By Anna
On Tuesday and Thursday I take the metro from Votosmarty U. to Battyany ter. No one makes extended eye contact with me, a quick glance and then look away. Barely an acknowledgement of your existence, just a concentration on going from A to B. I think my mom and sister would fit in here, I however, am extrinsic and feed off of smiles and friendly nods of hello.
As the escalator surfaces at Battyany ter. a church with green copper steeples emerges into view. You can turn around after stepping off of the escalator and see the magnificently gothic parliament building. I walk one block down, ring number 51 and say hello to Ilona, my language teacher. She let’s me in and I take the elevator to the fifth floor (though sixth for us in the United States because the first floor here is the ground level). The elevator doors are manual and this I forget everytime.
During my lesson we sit in chairs facing the parliament building. I ask Ilona why Hungarians do not make eye contact or say hello. She does not understand me initially. I explain further, that in the United States people may nod or say hello in passing. She nods and says it is a cultural difference and that it is only a surface thing and that young people are not like this. She tells me to go to Godot ter. where the young people are.
Though I understand the cultural difference, I still do not know why. That afternoon I learn about Hungary’s last 50 years while at The Terror Museum. The Nazis invaded, the Soviets invaded and they clashed in the middle of Hungary, who only wanted to remain neutral. But Hungary doesn’t joke about knowing how to bury their dead without reason—hundreds of thousands were killed and deported during WWII and for years after. 200,000 Jews left, 11,000 have returned since.

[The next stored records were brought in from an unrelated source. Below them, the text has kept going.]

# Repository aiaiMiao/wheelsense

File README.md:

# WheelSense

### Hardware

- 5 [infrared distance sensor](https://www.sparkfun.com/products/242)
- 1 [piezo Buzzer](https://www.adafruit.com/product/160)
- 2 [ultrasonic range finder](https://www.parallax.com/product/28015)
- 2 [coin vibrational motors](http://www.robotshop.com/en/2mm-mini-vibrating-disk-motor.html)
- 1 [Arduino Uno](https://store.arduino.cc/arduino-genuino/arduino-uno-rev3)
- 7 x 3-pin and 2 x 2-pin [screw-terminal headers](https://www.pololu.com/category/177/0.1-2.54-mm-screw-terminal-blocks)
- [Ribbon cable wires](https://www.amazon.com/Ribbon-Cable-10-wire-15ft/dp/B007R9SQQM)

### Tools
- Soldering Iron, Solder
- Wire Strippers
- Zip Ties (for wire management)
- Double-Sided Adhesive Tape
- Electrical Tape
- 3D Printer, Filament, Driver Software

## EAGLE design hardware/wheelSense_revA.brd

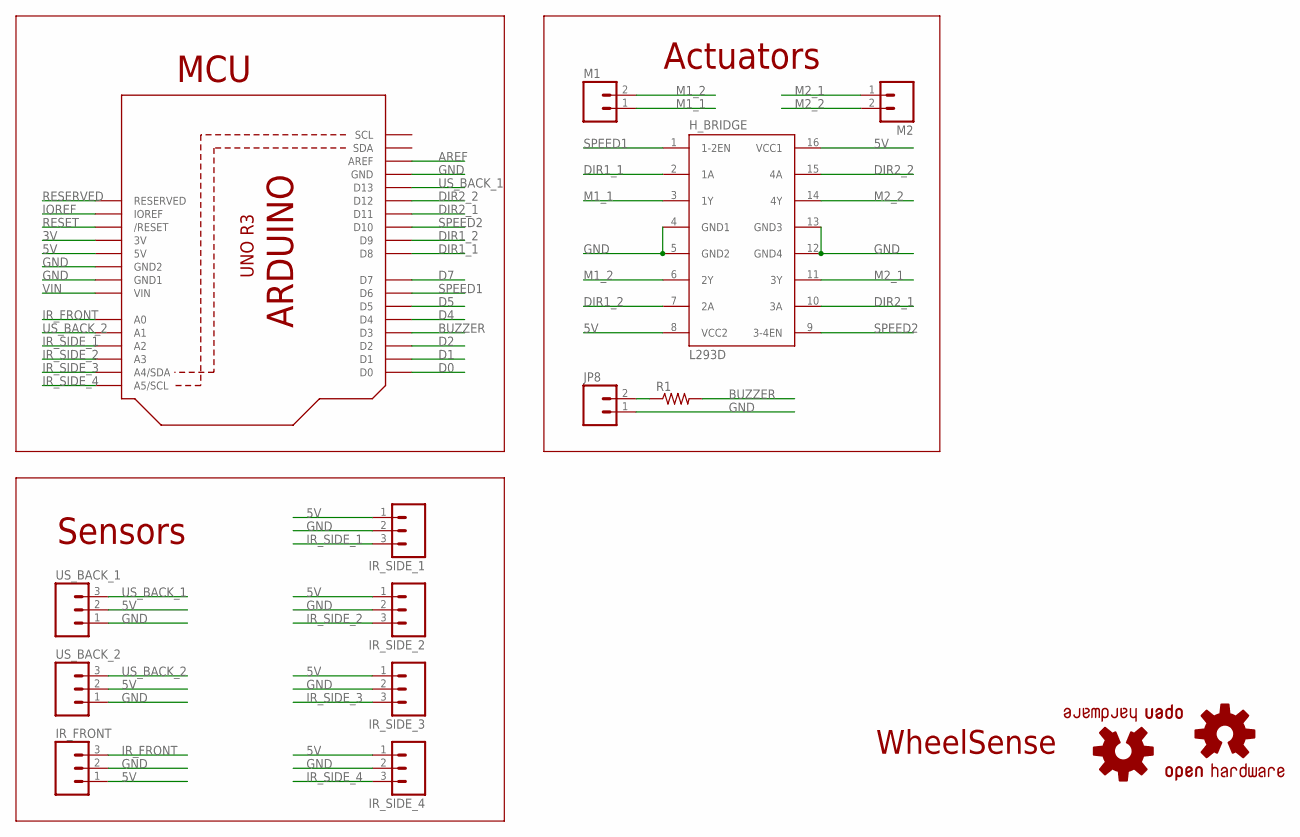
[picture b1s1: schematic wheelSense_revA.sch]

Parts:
H_BRIDGE: L293D; DIL16
IR_FRONT: M03POLAR; MOLEX-1X3
IR_SIDE_1, IR_SIDE_2, IR_SIDE_3, IR_SIDE_4: M03POLAR; MOLEX-1X3
JP8: M02POLAR; MOLEX-1X2
LOGO1, LOGO2: OSHW-LOGOL-TOP; OSHW_LOGO_L_TOP
M1, M2: M02POLAR; MOLEX-1X2
R1: RESISTORPTH-1/4W; AXIAL-0.4
U$1: ARDUIN0R3_NOHOLES; ARDUINOR3-NOHOLES
US_BACK_1, US_BACK_2: M03POLAR; MOLEX-1X3

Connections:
3V: U$1.3V
5V: H_BRIDGE.8 (VCC2), H_BRIDGE.16 (VCC1), IR_FRONT.1, IR_SIDE_1.1, IR_SIDE_2.1, IR_SIDE_3.1, IR_SIDE_4.1, U$1.5V, US_BACK_1.2, US_BACK_2.2
AREF: U$1.AREF
BUZZER: R1.P$2 (2), U$1.D3
D0: U$1.D0
D1: U$1.D1
D2: U$1.D2
D4: U$1.D4
D5: U$1.D5
D7: U$1.D7
DIR1_1: H_BRIDGE.2 (1A), U$1.D8
DIR1_2: H_BRIDGE.7 (2A), U$1.D9
DIR2_1: H_BRIDGE.10 (3A), U$1.D11
DIR2_2: H_BRIDGE.15 (4A), U$1.D12
GND: H_BRIDGE.4 (GND1), H_BRIDGE.5 (GND2), H_BRIDGE.12 (GND4), H_BRIDGE.13 (GND3), IR_FRONT.2, IR_SIDE_1.2, IR_SIDE_2.2, IR_SIDE_3.2, IR_SIDE_4.2, JP8.1, U$1.GND, U$1.GND1, U$1.GND2, US_BACK_1.1, US_BACK_2.1
IOREF: U$1.IOREF
IR_FRONT: IR_FRONT.3, U$1.A0
IR_SIDE_1: IR_SIDE_1.3, U$1.A2
IR_SIDE_2: IR_SIDE_2.3, U$1.A3
IR_SIDE_3: IR_SIDE_3.3, U$1.A4 (A4/SDA)
IR_SIDE_4: IR_SIDE_4.3, U$1.A5 (A5/SCL)
M1_1: H_BRIDGE.3 (1Y), M1.1
M1_2: H_BRIDGE.6 (2Y), M1.2
M2_1: H_BRIDGE.11 (3Y), M2.1
M2_2: H_BRIDGE.14 (4Y), M2.2
unnamed: JP8.2, R1.P$1 (1)
RESERVED: U$1.RESERVED
RESET: U$1.RESET (/RESET)
SPEED1: H_BRIDGE.1 (1-2EN), U$1.D6
SPEED2: H_BRIDGE.9 (3-4EN), U$1.D10
US_BACK_1: U$1.D13, US_BACK_1.3
US_BACK_2: U$1.A1, US_BACK_2.3
VIN: U$1.VIN

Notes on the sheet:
MCU
Sensors
Actuators
WheelSense

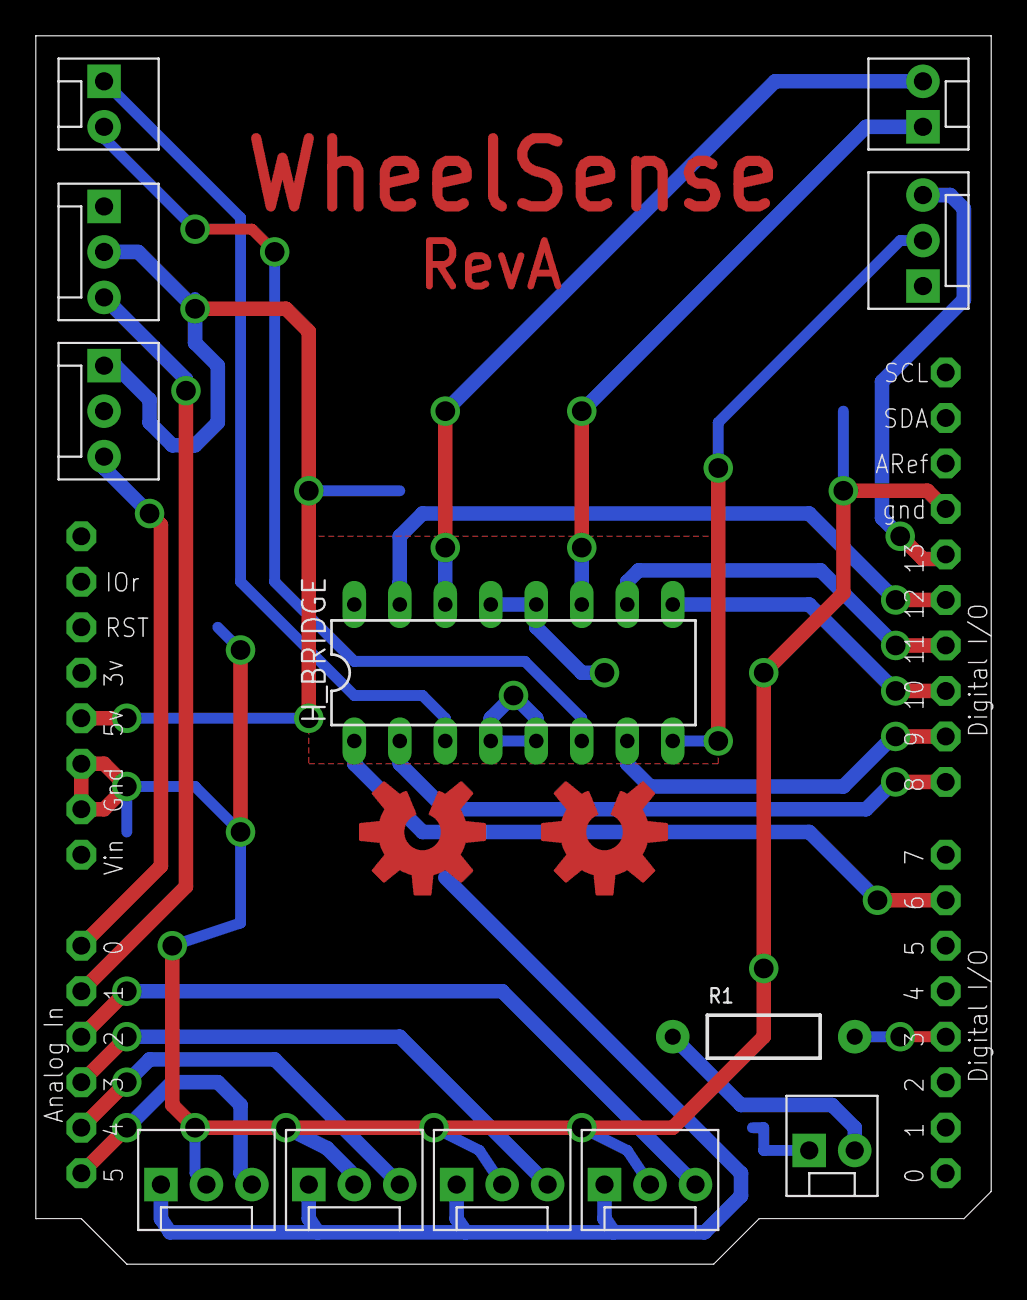
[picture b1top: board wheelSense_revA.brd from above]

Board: 2 copper layers, 53.3 x 68.6 mm, 15 parts (0 on the bottom side), 21 nets.

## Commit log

2016-08-18 Update LICENSE
    add everyone
2016-08-18 Update LICENSE
2016-08-18 add sensors code
2016-08-19 update code
2016-08-19 buzzer and long-range ultrasonic range finder
2016-08-19 working haptics!
2016-08-20 updated backward code
2016-08-20 libs
2016-08-20 add tests
2016-08-20 update scripts
2016-08-20 update buzzer pot for arduino
2016-08-21 handle front and back in buzzer
2016-08-21 better delays for ramp detection
2016-08-21 better delay
2016-08-21 steph test
2016-08-21 remove DS_store
2016-08-21 all sensors included(4)
2016-08-21 merge2
2016-08-21 change pins
2016-08-21 update thresholds and sensor pins
2016-08-21 plotting
2016-08-21 small fixes
2016-08-21 update ramp sensors
2016-08-21 small fixes from testing
2017-04-12 latest code
2017-04-20 cleaning repo
2017-04-20 readme and more cleaning
2017-04-20 added 3d model files, both STL and gcode

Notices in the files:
parts and their libraries:
SparkFun-Connectors: Licensing: Creative Commons ShareAlike 4.0 International - https://creativecommons.org/licenses/by-sa/4.0
microbuilder: This work is placed in the public domain, and may be freely used for commercial and non-commercial work with the following conditions:

The Soviets won and during their occupation (1944-1991) if anyone made eye contact with a Soviet guard they could be under suspicion and would be taken away to the cellar prison of the Hungarian Arrow Cross Government (Communist) on Andrassy U.
Hungarians were trained to avoid eye contact for decades. I had guessed that the reason for avoiding eye contact was the fear of intimacy, but it was actually a cultured fear of abuse or death from a culture (the U.S.S.R.) that has had centuries of abuse itself.
Fear and internalization continues in Eastern Europe, but today, Hungarians celebrate 20 years of freedom from the Iron Curtain (1989) with passivity and pride.